I get RMSE 0.9, which is a big error in case of preferences taking 0 or 1
value:

val validationRmse = computeRmse(model, validation, numValidation)

/** Compute RMSE (Root Mean Squared Error). */
 def computeRmse(model: MatrixFactorizationModel, data: RDD[Rating], n:
Long): Double = {
val predictions: RDD[Rating] = model.predict(data.map(x => (x.user,
x.product)))
val predictionsAndRatings = predictions.map(x => ((x.user, x.product),
x.rating))
  .join(data.map(x => ((x.user, x.product), x.rating)))
  .values
math.sqrt(predictionsAndRatings.map(x => (x._1 - x._2) * (x._1 -
x._2)).reduce(_ + _) / n)
}

So my question is: to what value should I set `rating` in:

Rating(user: Int, product: Int, rating: Double)
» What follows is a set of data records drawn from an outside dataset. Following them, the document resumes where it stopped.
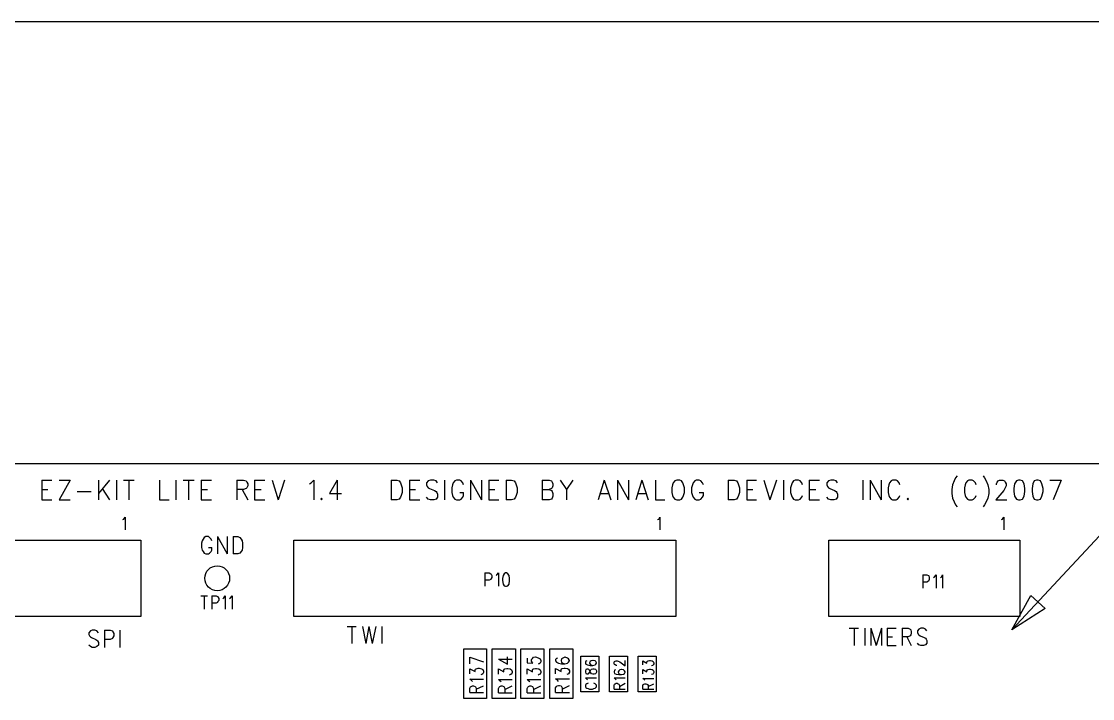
# Model space of a CAD drawing. Extents: x 11.9 to 28.1, y 10.8 to 21.2.
# Drawn here: x 17.084 to 19.888, y 19.426 to 21.199 of the extents above; entities that cross this region are included whole.
import ezdxf

# ---------------------------------------------------------------- set-up
doc = ezdxf.new("R2010")
doc.units = 0
doc.header["$MEASUREMENT"] = 0
doc.layers.add('LAYNR1', color=2, linetype='Continuous')

msp = doc.modelspace()

# ---------------------------------------------------------------- linework, layer by layer
at = {"layer": 'LAYNR1', "color": 7}
for points in [[(11.892, 21.199), (28.093, 21.199)], [(19.677, 19.606), (20.511, 20.501), (20.561, 20.501)], [(23.448, 20.041), (13.097, 20.041)], [(17.138, 19.998), (17.138, 19.946)], [(17.138, 19.998), (17.164, 19.998)], [(17.212, 19.998), (17.183, 19.946)], [(17.183, 19.998), (17.212, 19.998)], [(17.286, 19.998), (17.286, 19.946)], [(17.315, 19.998), (17.286, 19.963)], [(17.333, 19.998), (17.333, 19.946)], [(17.352, 19.998), (17.38, 19.998)], [(17.366, 19.998), (17.366, 19.946)], [(17.446, 19.998), (17.446, 19.946)], [(17.489, 19.998), (17.489, 19.946)], [(17.508, 19.998), (17.537, 19.998)], [(17.522, 19.998), (17.522, 19.946)], [(17.555, 19.998), (17.555, 19.946)], [(17.555, 19.998), (17.582, 19.998)], [(17.648, 19.998), (17.648, 19.946)], [(17.648, 19.998), (17.666, 19.998), (17.673, 19.996), (17.675, 19.993), (17.677, 19.988), (17.677, 19.983), (17.675, 19.978), (17.673, 19.976), (17.666, 19.973), (17.648, 19.973)], [(17.695, 19.998), (17.695, 19.946)], [(17.695, 19.998), (17.722, 19.998)], [(17.741, 19.998), (17.757, 19.946)], [(17.773, 19.998), (17.757, 19.946)], [(17.839, 19.988), (17.843, 19.991), (17.85, 19.998), (17.85, 19.946)], [(17.911, 19.998), (17.891, 19.963), (17.922, 19.963)], [(17.911, 19.998), (17.911, 19.946)], [(18.052, 19.998), (18.052, 19.946)], [(18.052, 19.998), (18.067, 19.998), (18.073, 19.996), (18.077, 19.991), (18.079, 19.986), (18.081, 19.978), (18.081, 19.966), (18.079, 19.958), (18.077, 19.953), (18.073, 19.948), (18.067, 19.946)], [(18.1, 19.998), (18.1, 19.946)], [(18.1, 19.998), (18.127, 19.998)], [(18.174, 19.991), (18.17, 19.996), (18.164, 19.998), (18.155, 19.998), (18.149, 19.996), (18.145, 19.991), (18.145, 19.986), (18.147, 19.981), (18.149, 19.978), (18.153, 19.976), (18.166, 19.971), (18.17, 19.968), (18.172, 19.966), (18.174, 19.961), (18.174, 19.953), (18.17, 19.948), (18.164, 19.946)], [(18.192, 19.998), (18.192, 19.946)], [(18.242, 19.986), (18.24, 19.991), (18.236, 19.996), (18.232, 19.998), (18.223, 19.998), (18.219, 19.996), (18.215, 19.991), (18.213, 19.986), (18.211, 19.978), (18.211, 19.966), (18.213, 19.958), (18.215, 19.953), (18.219, 19.948), (18.223, 19.946)], [(18.26, 19.998), (18.26, 19.946)], [(18.26, 19.998), (18.289, 19.946)], [(18.289, 19.998), (18.289, 19.946)], [(18.308, 19.998), (18.308, 19.946)], [(18.308, 19.998), (18.334, 19.998)], [(18.353, 19.998), (18.353, 19.946)], [(18.353, 19.998), (18.367, 19.998), (18.374, 19.996), (18.378, 19.991), (18.38, 19.986), (18.382, 19.978), (18.382, 19.966), (18.38, 19.958), (18.378, 19.953), (18.374, 19.948), (18.367, 19.946)], [(18.448, 19.998), (18.448, 19.946)], [(18.448, 19.998), (18.466, 19.998), (18.472, 19.996), (18.474, 19.993), (18.476, 19.988), (18.476, 19.983), (18.474, 19.978), (18.472, 19.976), (18.466, 19.973)], [(18.495, 19.998), (18.511, 19.973), (18.511, 19.946)], [(18.528, 19.998), (18.511, 19.973)], [(18.61, 19.998), (18.594, 19.946)], [(18.61, 19.998), (18.627, 19.946)], [(18.645, 19.998), (18.645, 19.946)], [(18.645, 19.998), (18.674, 19.946)], [(18.674, 19.998), (18.674, 19.946)], [(18.709, 19.998), (18.693, 19.946)], [(18.709, 19.998), (18.725, 19.946)], [(18.744, 19.998), (18.744, 19.946)], [(18.8, 19.998), (18.795, 19.996), (18.791, 19.991), (18.789, 19.986), (18.787, 19.978), (18.787, 19.966), (18.789, 19.958), (18.791, 19.953), (18.795, 19.948), (18.8, 19.946)], [(18.808, 19.946), (18.812, 19.948), (18.816, 19.953), (18.818, 19.958), (18.82, 19.966), (18.82, 19.978), (18.818, 19.986), (18.816, 19.991), (18.812, 19.996), (18.808, 19.998), (18.8, 19.998)], [(18.87, 19.986), (18.867, 19.991), (18.863, 19.996), (18.859, 19.998), (18.851, 19.998), (18.847, 19.996), (18.843, 19.991), (18.841, 19.986), (18.839, 19.978), (18.839, 19.966), (18.841, 19.958), (18.843, 19.953), (18.847, 19.948), (18.851, 19.946)], [(18.935, 19.998), (18.935, 19.946)], [(18.935, 19.998), (18.95, 19.998), (18.956, 19.996), (18.96, 19.991), (18.962, 19.986), (18.964, 19.978), (18.964, 19.966), (18.962, 19.958), (18.96, 19.953), (18.956, 19.948), (18.95, 19.946)], [(18.983, 19.998), (18.983, 19.946)], [(18.983, 19.998), (19.009, 19.998)], [(19.028, 19.998), (19.044, 19.946)], [(19.061, 19.998), (19.044, 19.946)], [(19.079, 19.998), (19.079, 19.946)], [(19.129, 19.986), (19.127, 19.991), (19.123, 19.996), (19.119, 19.998), (19.11, 19.998), (19.106, 19.996), (19.102, 19.991), (19.1, 19.986), (19.098, 19.978), (19.098, 19.966), (19.1, 19.958), (19.102, 19.953), (19.106, 19.948), (19.11, 19.946)], [(19.147, 19.998), (19.147, 19.946)], [(19.147, 19.998), (19.174, 19.998)], [(19.221, 19.991), (19.217, 19.996), (19.211, 19.998), (19.203, 19.998), (19.197, 19.996), (19.193, 19.991), (19.193, 19.986), (19.195, 19.981), (19.197, 19.978), (19.201, 19.976), (19.213, 19.971), (19.217, 19.968), (19.219, 19.966), (19.221, 19.961), (19.221, 19.953), (19.217, 19.948), (19.211, 19.946)], [(19.287, 19.998), (19.287, 19.946)], [(19.306, 19.998), (19.306, 19.946)], [(19.306, 19.998), (19.335, 19.946)], [(19.335, 19.998), (19.335, 19.946)], [(19.365, 19.998), (19.361, 19.996), (19.357, 19.991), (19.355, 19.986), (19.353, 19.978), (19.353, 19.966), (19.355, 19.958), (19.357, 19.953), (19.361, 19.948), (19.365, 19.946)], [(19.384, 19.986), (19.382, 19.991), (19.378, 19.996), (19.374, 19.998), (19.365, 19.998)], [(19.534, 20.009), (19.53, 20.004), (19.526, 19.996), (19.522, 19.986), (19.52, 19.973), (19.52, 19.963), (19.522, 19.951), (19.526, 19.941), (19.53, 19.933), (19.534, 19.928)], [(19.584, 19.986), (19.582, 19.991), (19.577, 19.996), (19.573, 19.998), (19.565, 19.998), (19.561, 19.996), (19.557, 19.991), (19.555, 19.986), (19.553, 19.978), (19.553, 19.966), (19.555, 19.958), (19.557, 19.953), (19.561, 19.948), (19.565, 19.946)], [(19.602, 20.009), (19.606, 20.004), (19.61, 19.996), (19.614, 19.986), (19.617, 19.973), (19.617, 19.963), (19.614, 19.951), (19.61, 19.941), (19.606, 19.933), (19.602, 19.928)], [(19.637, 19.988), (19.639, 19.993), (19.641, 19.996), (19.645, 19.998), (19.654, 19.998), (19.658, 19.996), (19.66, 19.993), (19.662, 19.988), (19.662, 19.983), (19.66, 19.978), (19.656, 19.971), (19.635, 19.946)], [(19.695, 19.998), (19.689, 19.996), (19.684, 19.988), (19.682, 19.976), (19.682, 19.968), (19.684, 19.956), (19.689, 19.948), (19.695, 19.946)], [(19.699, 19.946), (19.705, 19.948), (19.709, 19.956), (19.711, 19.968), (19.711, 19.976), (19.709, 19.988), (19.705, 19.996), (19.699, 19.998), (19.695, 19.998)], [(19.742, 19.998), (19.736, 19.996), (19.732, 19.988), (19.73, 19.976), (19.73, 19.968), (19.732, 19.956), (19.736, 19.948), (19.742, 19.946)], [(19.746, 19.946), (19.752, 19.948), (19.756, 19.956), (19.759, 19.968), (19.759, 19.976), (19.756, 19.988), (19.752, 19.996), (19.746, 19.998), (19.742, 19.998)], [(19.777, 19.998), (19.806, 19.998)], [(19.806, 19.998), (19.785, 19.946)], [(17.138, 19.973), (17.154, 19.973)], [(17.23, 19.968), (17.267, 19.968)], [(17.296, 19.976), (17.315, 19.946)], [(17.555, 19.973), (17.572, 19.973)], [(17.662, 19.973), (17.677, 19.946)], [(17.695, 19.973), (17.712, 19.973)], [(18.1, 19.973), (18.116, 19.973)], [(18.232, 19.946), (18.236, 19.948), (18.24, 19.953), (18.242, 19.958), (18.242, 19.966)], [(18.232, 19.966), (18.242, 19.966)], [(18.308, 19.973), (18.324, 19.973)], [(18.448, 19.973), (18.466, 19.973), (18.472, 19.971), (18.474, 19.968), (18.476, 19.963), (18.476, 19.956), (18.474, 19.951), (18.472, 19.948), (18.466, 19.946)], [(18.859, 19.946), (18.863, 19.948), (18.867, 19.953), (18.87, 19.958), (18.87, 19.966)], [(18.859, 19.966), (18.87, 19.966)], [(18.983, 19.973), (18.999, 19.973)], [(19.147, 19.973), (19.164, 19.973)], [(19.637, 19.986), (19.637, 19.988)], [(17.138, 19.946), (17.164, 19.946)], [(17.183, 19.946), (17.212, 19.946)], [(17.446, 19.946), (17.471, 19.946)], [(17.555, 19.946), (17.582, 19.946)], [(17.695, 19.946), (17.722, 19.946)], [(17.87, 19.951), (17.868, 19.948), (17.87, 19.946)], [(17.87, 19.946), (17.872, 19.948), (17.87, 19.951)], [(18.067, 19.946), (18.052, 19.946)], [(18.1, 19.946), (18.127, 19.946)], [(18.155, 19.946), (18.149, 19.948), (18.145, 19.953)], [(18.164, 19.946), (18.155, 19.946)], [(18.223, 19.946), (18.232, 19.946)], [(18.308, 19.946), (18.334, 19.946)], [(18.367, 19.946), (18.353, 19.946)], [(18.466, 19.946), (18.448, 19.946)], [(18.6, 19.963), (18.621, 19.963)], [(18.699, 19.963), (18.719, 19.963)], [(18.744, 19.946), (18.769, 19.946)], [(18.8, 19.946), (18.808, 19.946)], [(18.851, 19.946), (18.859, 19.946)], [(18.95, 19.946), (18.935, 19.946)], [(18.983, 19.946), (19.009, 19.946)], [(19.11, 19.946), (19.119, 19.946)], [(19.119, 19.946), (19.123, 19.948), (19.127, 19.953), (19.129, 19.958)], [(19.147, 19.946), (19.174, 19.946)], [(19.203, 19.946), (19.197, 19.948), (19.193, 19.953)], [(19.211, 19.946), (19.203, 19.946)], [(19.365, 19.946), (19.374, 19.946)], [(19.374, 19.946), (19.378, 19.948), (19.382, 19.953), (19.384, 19.958)], [(19.405, 19.951), (19.403, 19.948), (19.405, 19.946)], [(19.405, 19.946), (19.407, 19.948), (19.405, 19.951)], [(19.565, 19.946), (19.573, 19.946)], [(19.573, 19.946), (19.577, 19.948), (19.582, 19.953), (19.584, 19.958)], [(19.635, 19.946), (19.664, 19.946)], [(19.695, 19.946), (19.699, 19.946)], [(19.742, 19.946), (19.746, 19.946)], [(17.35, 19.895), (17.353, 19.896), (17.356, 19.901), (17.356, 19.868)], [(18.75, 19.895), (18.753, 19.896), (18.756, 19.901), (18.756, 19.868)], [(19.65, 19.895), (19.653, 19.896), (19.656, 19.901), (19.656, 19.868)], [(16.397, 19.841), (17.397, 19.841)], [(17.397, 19.841), (17.397, 19.641)], [(17.558, 19.839), (17.556, 19.833), (17.556, 19.822)], [(17.583, 19.839), (17.581, 19.843), (17.577, 19.848), (17.574, 19.85), (17.567, 19.85), (17.563, 19.848), (17.56, 19.843), (17.558, 19.839)], [(17.598, 19.85), (17.598, 19.805)], [(17.598, 19.85), (17.623, 19.805)], [(17.623, 19.85), (17.623, 19.805)], [(17.639, 19.85), (17.639, 19.805)], [(17.639, 19.85), (17.651, 19.85), (17.656, 19.848), (17.66, 19.843), (17.662, 19.839)], [(17.662, 19.839), (17.663, 19.833), (17.663, 19.822)], [(17.798, 19.641), (17.798, 19.841)], [(17.798, 19.841), (18.798, 19.841)], [(18.798, 19.841), (18.798, 19.641)], [(19.198, 19.641), (19.198, 19.841)], [(19.198, 19.841), (19.698, 19.841)], [(19.698, 19.841), (19.698, 19.641)], [(17.556, 19.822), (17.558, 19.815), (17.56, 19.811), (17.563, 19.807), (17.567, 19.805)], [(17.567, 19.805), (17.574, 19.805)], [(17.574, 19.805), (17.577, 19.807), (17.581, 19.811), (17.583, 19.815), (17.583, 19.822)], [(17.574, 19.822), (17.583, 19.822)], [(17.651, 19.805), (17.639, 19.805)], [(17.663, 19.822), (17.662, 19.815), (17.66, 19.811), (17.656, 19.807), (17.651, 19.805)], [(18.298, 19.755), (18.298, 19.72)], [(18.298, 19.755), (18.309, 19.755)], [(18.309, 19.755), (18.313, 19.753)], [(18.313, 19.753), (18.314, 19.752)], [(18.314, 19.752), (18.316, 19.748)], [(18.316, 19.743), (18.314, 19.74)], [(18.316, 19.748), (18.316, 19.743)], [(18.327, 19.748), (18.329, 19.75)], [(18.329, 19.75), (18.333, 19.755)], [(18.333, 19.755), (18.333, 19.72)], [(18.346, 19.748), (18.344, 19.74)], [(18.348, 19.753), (18.346, 19.748)], [(18.352, 19.755), (18.348, 19.753)], [(18.354, 19.755), (18.352, 19.755)], [(18.358, 19.753), (18.354, 19.755)], [(18.361, 19.748), (18.358, 19.753)], [(18.362, 19.74), (18.361, 19.748)], [(19.444, 19.75), (19.444, 19.715)], [(19.444, 19.75), (19.455, 19.75), (19.459, 19.748), (19.46, 19.747), (19.461, 19.743), (19.461, 19.738), (19.46, 19.735), (19.459, 19.733), (19.455, 19.731), (19.444, 19.731)], [(19.472, 19.743), (19.475, 19.745), (19.479, 19.75), (19.479, 19.715)], [(19.49, 19.743), (19.493, 19.745), (19.496, 19.75), (19.496, 19.715)], [(18.309, 19.736), (18.298, 19.736)], [(18.313, 19.738), (18.309, 19.736)], [(18.314, 19.74), (18.313, 19.738)], [(18.344, 19.74), (18.344, 19.735)], [(18.344, 19.735), (18.346, 19.726)], [(18.346, 19.726), (18.348, 19.721)], [(18.348, 19.721), (18.352, 19.72)], [(18.352, 19.72), (18.354, 19.72)], [(18.354, 19.72), (18.358, 19.721)], [(18.358, 19.721), (18.361, 19.726)], [(18.361, 19.726), (18.362, 19.735)], [(18.362, 19.735), (18.362, 19.74)], [(17.554, 19.695), (17.572, 19.695)], [(17.563, 19.695), (17.563, 19.66)], [(17.583, 19.695), (17.583, 19.66)], [(17.583, 19.695), (17.594, 19.695)], [(17.594, 19.695), (17.598, 19.693)], [(17.598, 19.693), (17.599, 19.692)], [(17.599, 19.692), (17.601, 19.688)], [(17.601, 19.688), (17.601, 19.683)], [(17.612, 19.688), (17.614, 19.69)], [(17.614, 19.69), (17.618, 19.695)], [(17.618, 19.695), (17.618, 19.66)], [(17.629, 19.688), (17.632, 19.69)], [(17.632, 19.69), (17.636, 19.695)], [(17.636, 19.695), (17.636, 19.66)], [(17.594, 19.676), (17.583, 19.676)], [(17.598, 19.678), (17.594, 19.676)], [(17.599, 19.68), (17.598, 19.678)], [(17.601, 19.683), (17.599, 19.68)], [(17.397, 19.641), (16.397, 19.641)], [(18.798, 19.641), (17.798, 19.641)], [(19.698, 19.641), (19.198, 19.641)], [(17.286, 19.598), (17.282, 19.603), (17.277, 19.605), (17.27, 19.605), (17.265, 19.603), (17.261, 19.598), (17.261, 19.594)], [(17.302, 19.605), (17.302, 19.56)], [(17.302, 19.605), (17.317, 19.605), (17.323, 19.603), (17.324, 19.601), (17.326, 19.596), (17.326, 19.59), (17.324, 19.586), (17.323, 19.583), (17.317, 19.581), (17.302, 19.581)], [(17.342, 19.605), (17.342, 19.56)], [(17.937, 19.615), (17.961, 19.615)], [(17.949, 19.615), (17.949, 19.57)], [(17.977, 19.615), (17.986, 19.57)], [(17.994, 19.615), (17.986, 19.57)], [(17.994, 19.615), (18.003, 19.57)], [(18.012, 19.615), (18.003, 19.57)], [(18.028, 19.615), (18.028, 19.57)], [(19.251, 19.61), (19.276, 19.61)], [(19.264, 19.61), (19.264, 19.565)], [(19.292, 19.61), (19.292, 19.565)], [(19.308, 19.61), (19.308, 19.565)], [(19.308, 19.61), (19.322, 19.565)], [(19.336, 19.61), (19.322, 19.565)], [(19.336, 19.61), (19.336, 19.565)], [(19.351, 19.61), (19.351, 19.565)], [(19.351, 19.61), (19.374, 19.61)], [(19.39, 19.61), (19.39, 19.565)], [(19.39, 19.61), (19.406, 19.61), (19.411, 19.608), (19.413, 19.606), (19.414, 19.601), (19.414, 19.597), (19.413, 19.593), (19.411, 19.59), (19.406, 19.588), (19.39, 19.588)], [(19.455, 19.603), (19.451, 19.608), (19.446, 19.61), (19.439, 19.61), (19.434, 19.608), (19.43, 19.603), (19.43, 19.599)], [(17.261, 19.594), (17.263, 19.59), (17.265, 19.588), (17.268, 19.586), (17.279, 19.581), (17.282, 19.579), (17.284, 19.577)], [(17.284, 19.577), (17.286, 19.573), (17.286, 19.566), (17.282, 19.562), (17.277, 19.56)], [(19.351, 19.588), (19.365, 19.588)], [(19.402, 19.588), (19.414, 19.565)], [(19.43, 19.599), (19.432, 19.595), (19.434, 19.593), (19.437, 19.59), (19.448, 19.586), (19.451, 19.584), (19.453, 19.582)], [(19.453, 19.582), (19.455, 19.578), (19.455, 19.571), (19.451, 19.567), (19.446, 19.565)], [(17.27, 19.56), (17.265, 19.562), (17.261, 19.566)], [(17.277, 19.56), (17.27, 19.56)], [(18.243, 19.426), (18.243, 19.556)], [(18.243, 19.556), (18.302, 19.556)], [(18.302, 19.556), (18.302, 19.426)], [(18.317, 19.426), (18.317, 19.556)], [(18.317, 19.556), (18.378, 19.556)], [(18.378, 19.556), (18.378, 19.426)], [(18.392, 19.426), (18.392, 19.556)], [(18.392, 19.556), (18.452, 19.556)], [(18.452, 19.556), (18.452, 19.426)], [(18.468, 19.426), (18.468, 19.556)], [(18.468, 19.556), (18.528, 19.556)], [(18.528, 19.556), (18.528, 19.426)], [(19.351, 19.565), (19.374, 19.565)], [(19.439, 19.565), (19.434, 19.567), (19.43, 19.571)], [(19.446, 19.565), (19.439, 19.565)], [(18.258, 19.534), (18.294, 19.522)], [(18.258, 19.517), (18.258, 19.534)], [(18.333, 19.529), (18.357, 19.516), (18.357, 19.535)], [(18.333, 19.529), (18.369, 19.529)], [(18.408, 19.532), (18.408, 19.52), (18.423, 19.519), (18.422, 19.52), (18.42, 19.524), (18.42, 19.528), (18.422, 19.531), (18.425, 19.534), (18.43, 19.535), (18.433, 19.534), (18.439, 19.532), (18.442, 19.53), (18.444, 19.526), (18.444, 19.522), (18.442, 19.519), (18.44, 19.517), (18.437, 19.516)], [(18.488, 19.532), (18.485, 19.531), (18.483, 19.528), (18.483, 19.525), (18.485, 19.521), (18.49, 19.519), (18.498, 19.517), (18.507, 19.517), (18.514, 19.519), (18.517, 19.521), (18.519, 19.525), (18.519, 19.526), (18.517, 19.53), (18.514, 19.532), (18.508, 19.534), (18.507, 19.534), (18.502, 19.532), (18.498, 19.53), (18.497, 19.526), (18.497, 19.525), (18.498, 19.521), (18.502, 19.519), (18.507, 19.517)], [(18.549, 19.444), (18.549, 19.537)], [(18.549, 19.537), (18.596, 19.537)], [(18.562, 19.524), (18.561, 19.521), (18.561, 19.519), (18.562, 19.516), (18.566, 19.514), (18.573, 19.513)], [(18.565, 19.525), (18.562, 19.524)], [(18.596, 19.537), (18.596, 19.444)], [(18.624, 19.444), (18.624, 19.537)], [(18.624, 19.537), (18.671, 19.537)], [(18.643, 19.513), (18.641, 19.513), (18.639, 19.514), (18.637, 19.515), (18.636, 19.517), (18.636, 19.521), (18.637, 19.523), (18.639, 19.524), (18.641, 19.525), (18.644, 19.525), (18.647, 19.524), (18.651, 19.522), (18.665, 19.512), (18.665, 19.526)], [(18.671, 19.537), (18.671, 19.444)], [(18.699, 19.444), (18.699, 19.537)], [(18.699, 19.537), (18.746, 19.537)], [(18.711, 19.514), (18.711, 19.525), (18.722, 19.519), (18.722, 19.522), (18.723, 19.524)], [(18.723, 19.524), (18.725, 19.525), (18.729, 19.526), (18.731, 19.526), (18.736, 19.525), (18.738, 19.523), (18.74, 19.52), (18.74, 19.517), (18.738, 19.514), (18.737, 19.513)], [(18.746, 19.537), (18.746, 19.444)], [(18.258, 19.491), (18.258, 19.504)], [(18.258, 19.504), (18.272, 19.497)], [(18.272, 19.501), (18.273, 19.503)], [(18.272, 19.497), (18.272, 19.501)], [(18.273, 19.503), (18.275, 19.504)], [(18.275, 19.504), (18.28, 19.506)], [(18.28, 19.506), (18.283, 19.506)], [(18.283, 19.506), (18.289, 19.504)], [(18.29, 19.489), (18.287, 19.488)], [(18.289, 19.504), (18.292, 19.502)], [(18.292, 19.491), (18.29, 19.489)], [(18.292, 19.502), (18.294, 19.498)], [(18.294, 19.494), (18.292, 19.491)], [(18.294, 19.498), (18.294, 19.494)], [(18.333, 19.49), (18.333, 19.504), (18.347, 19.496), (18.347, 19.5), (18.348, 19.503), (18.35, 19.504), (18.355, 19.505), (18.358, 19.505), (18.364, 19.504), (18.367, 19.501), (18.369, 19.497), (18.369, 19.494), (18.367, 19.49), (18.365, 19.489), (18.362, 19.487)], [(18.408, 19.49), (18.408, 19.504), (18.422, 19.496), (18.422, 19.5), (18.423, 19.503), (18.425, 19.504), (18.43, 19.505), (18.433, 19.505), (18.439, 19.504), (18.442, 19.501), (18.444, 19.497), (18.444, 19.494), (18.442, 19.49), (18.44, 19.489), (18.437, 19.487)], [(18.483, 19.491), (18.483, 19.505), (18.497, 19.497), (18.497, 19.501), (18.498, 19.504), (18.5, 19.505), (18.505, 19.506), (18.508, 19.506), (18.514, 19.505), (18.517, 19.503), (18.519, 19.499), (18.519, 19.495), (18.517, 19.491), (18.515, 19.49), (18.512, 19.489)], [(18.562, 19.502), (18.561, 19.499), (18.561, 19.495)], [(18.561, 19.495), (18.562, 19.492), (18.565, 19.491)], [(18.57, 19.502), (18.568, 19.503), (18.565, 19.503), (18.562, 19.502)], [(18.565, 19.491), (18.568, 19.491)], [(18.568, 19.491), (18.57, 19.492), (18.572, 19.494), (18.573, 19.498), (18.575, 19.501), (18.577, 19.503), (18.58, 19.504), (18.584, 19.504), (18.587, 19.503), (18.588, 19.502)], [(18.577, 19.491), (18.575, 19.493), (18.573, 19.496), (18.572, 19.5), (18.57, 19.502)], [(18.573, 19.513), (18.58, 19.513)], [(18.587, 19.491), (18.584, 19.49), (18.58, 19.49), (18.577, 19.491)], [(18.588, 19.502), (18.59, 19.499), (18.59, 19.495), (18.588, 19.492), (18.587, 19.491)], [(18.64, 19.501), (18.637, 19.5), (18.636, 19.497), (18.636, 19.495), (18.637, 19.492), (18.641, 19.49), (18.648, 19.489), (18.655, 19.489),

for implicit training (in `ALS.trainImplicit` method) ?

**Update**

With:

  val alpha = 40
  val lambda = 0.01

I get:

Got 1895593 ratings from 17471 users on 462685 products.
Training: 1136079, validation: 380495, test: 379019
RMSE (validation) = 0.7537217888106758 for the model trained with rank
= 8 and numIter = 10.
RMSE (validation) = 0.7489005441881798 for the model trained with rank
= 8 and numIter = 20.
RMSE (validation) = 0.7387672873747732 for the model trained with rank
= 12 and numIter = 10.
RMSE (validation) = 0.7310003522283959 for the model trained with rank
= 12 and numIter = 20.
The best model was trained with rank = 12, and numIter = 20, and its
RMSE on the test set is 0.7302343904091481.
baselineRmse: 0.0 testRmse: 0.7302343904091481
The best model improves the baseline by -Infinity%.

Which is still a big error, I guess. Also I get strange baseline
improvement where baseline model is simply mean (1).